A point of $\widehat{EG}_n$ is a pair $( (x_1, x_2, \ldots, x_n), f )$ where $0 \leq x_1 \leq x_2 \leq \cdots \leq x_n \leq 1$ and $f$ is a function in $EG_n$ whose discontinuity set is contained in $(x_1, x_2, \ldots, x_n)$. For example, $(EC^2)_1$ is made of four line segments glued into a square: Two of them are $\{ (t,f_t) \}$ and $\{ (t, g_t) \}$ for $f_t$ and $g_t$ as above; the other two are $\{ (t,0) \}$ and $\{ (t,1) \}$, where $0$ and $1$ are the constant functions. Again, $\widehat{BG}_n = \widehat{EG}_n/G$.

There are obvious maps $\widehat{EG}_n \to EG_n$ and $\widehat{BG}_n \to BG_n$. If $f$ has $k$ discontinuities, its preimage in $\widehat{EG}_n$ is a simplex of dimension $n-k$ (just specify the locations for the $n-k$ points not forced by $f$).

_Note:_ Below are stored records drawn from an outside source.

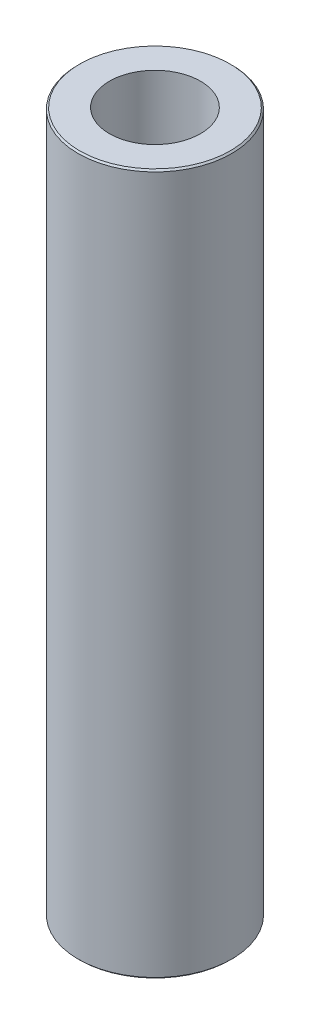
SolidWorks part; units mm, degrees
ref_plane "Front Plane" through (0, 0, 0) normal (0, 0, 1) x (1, 0, 0)
ref_plane "Top Plane" through (0, 0, 0) normal (0, 1, 0) x (1, 0, 0)
ref_plane "Right Plane" through (0, 0, 0) normal (1, 0, 0) x (0, 0, -1)
sketch "Sketch1" plane through (0, 0, 0) normal (0, 1, 0) x (1, 0, 0)
  circle A0 centre (0, 0) radius 15
  dimension "SHAFT_OD" = 30
extrude "Boss-Extrude1" add sketch "Sketch1" along normal blind 136.8448
sketch "Sketch2" plane through (0, 0, 0) normal (0, 1, 0) x (1, 0, 0)
  circle A0 centre (0, 0) radius 8.8937
  dimension "BORE_D" = 17.7874
extrude "Cut-Extrude1" cut sketch "Sketch2" along normal through all
chamfer "Chamfer1" distance 0.3065 angle 45 2 edges at (0, 136.8448, 15) (0, 0, 15)
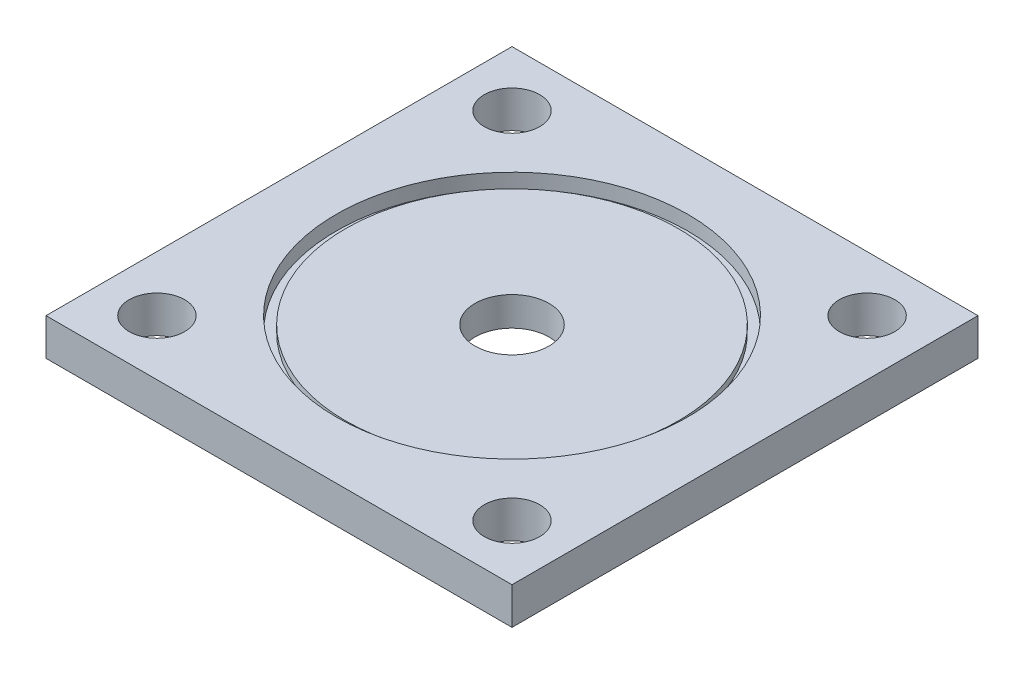
SolidWorks part; units mm, degrees
ref_plane "Front Plane" through (0, 0, 0) normal (0, 0, 1) x (1, 0, 0)
ref_plane "Top Plane" through (0, 0, 0) normal (0, 1, 0) x (1, 0, 0)
ref_plane "Right Plane" through (0, 0, 0) normal (1, 0, 0) x (0, 0, -1)
sketch "plateOutline" plane through (0, 0, 0) normal (0, 1, 0) x (1, 0, 0)
  line L1 (-40, -40) -> (40, -40)
  line L2 (-40, -40) -> (-40, 40)
  line L3 (-40, 40) -> (40, 40)
  line L4 (40, -40) -> (40, 40)
  line L5 (-40, -40) -> (40, 40) construction
  line L6 (-40, 40) -> (40, -40) construction
  line L7 (-40, -40) -> (40, -40) construction
  line L8 (-40, -40) -> (-40, 40) construction
  line L9 (-40, 40) -> (40, 40) construction
  line L10 (40, -40) -> (40, 40) construction
  point P0 (0, 0)
  dimension "D1" = 80
sketch "railGuides" plane through (0, 0, 0) normal (0, 1, 0) x (1, 0, 0)
  line L0 (-30.48, 30.48) -> (30.48, 30.48) construction
  line L1 (30.48, -30.48) -> (30.48, 30.48) construction
  line L2 (-30.48, -30.48) -> (30.48, -30.48) construction
  line L3 (-30.48, -30.48) -> (-30.48, 30.48) construction
  line L5 (-40.005, -40.005) -> (40.005, -40.005) construction
  line L11 (-40.005, -40.005) -> (-40.005, 40.005) construction
  line L12 (-40.005, 40.005) -> (40.005, 40.005) construction
  line L13 (40.005, -40.005) -> (40.005, 40.005) construction
  line L14 (-40.005, -40.005) -> (40.005, 40.005) construction
  line L15 (-40.005, 40.005) -> (40.005, -40.005) construction
  circle A0 centre (-30.48, 30.48) radius 4.7625
  circle A1 centre (30.48, 30.48) radius 4.7625
  circle A2 centre (30.48, -30.48) radius 4.7625
  circle A3 centre (-30.48, -30.48) radius 4.7625
  point P1 (0, 0)
  dimension "D1" = 80.01
  dimension "D3" = 9.525
  dimension "D4" = 9.525
  dimension "D5" = 9.525
  dimension "D6" = 9.525
  dimension "D7" = 9.525
  dimension "D2" = 80.01
sketch "FuelGrainMounting" plane through (0, 0, 0) normal (0, 1, 0) x (1, 0, 0)
  circle A0 centre (0, 0) radius 30.1625
sketch "GasIntake" plane through (0, 0, 0) normal (0, 1, 0) x (1, 0, 0)
  line L0 (-40, 40) -> (40, -40) construction
  circle A0 centre (0, 0) radius 6.35
extrude "Boss-Extrude1" add sketch "plateOutline" along normal blind 6.35 contours L3 L4 L1 L2
extrude "Cut-Extrude1" cut sketch "railGuides" along normal blind 10 contours A0 | A3 | A1 | A2 region at (-30.48, 0, -30.48)
extrude "Cut-Extrude2" cut sketch "FuelGrainMounting" along normal blind 5 from offset 5
extrude "Cut-Extrude3" cut sketch "GasIntake" along normal blind 5
sketch "Sketch1" plane through (0, 0, 0) normal (0, 1, 0) x (1, 0, 0)
  circle A0 centre (0, 0) radius 28.575
  circle A2 centre (0, 0) radius 30.1625
  dimension "D1" = 60.325
  dimension "D2" = 57.15
extrude "Cut-Extrude4" cut sketch "Sketch1" against normal blind 1.143 from offset 5

It is also easy to see that $\widehat{ES^1}_n \cong S^{2n+1}$ (and likewise for the other three cases). Given $((x_1, \ldots, x_n), f)$, formally set $x_0=0$ and $x_{n+1}=1$, and let $\theta_k$ be the value of $f$ on $(x_{k-1}, x_k)$. Set $r_k = \sqrt{x_{k}-x_{k-1}}$. Identify $((x_1, \ldots, x_n), f)$ with $$(r_1 \cos \theta_1, r_1 \sin \theta_1, r_2 \cos \theta_2, r_2 \sin \theta_2, \ldots, r_n \cos \theta_n, r_n \sin \theta_n).$$ Notice that $\theta_k$ is undefined precisely when $r_k=0$, so this makes sense, and it is easy to check that it gives a homeomorphism $\widehat{ES^1}_n \cong S^{2n+1}$. But there doesn't seem to be a group structure on $\widehat{BG}$.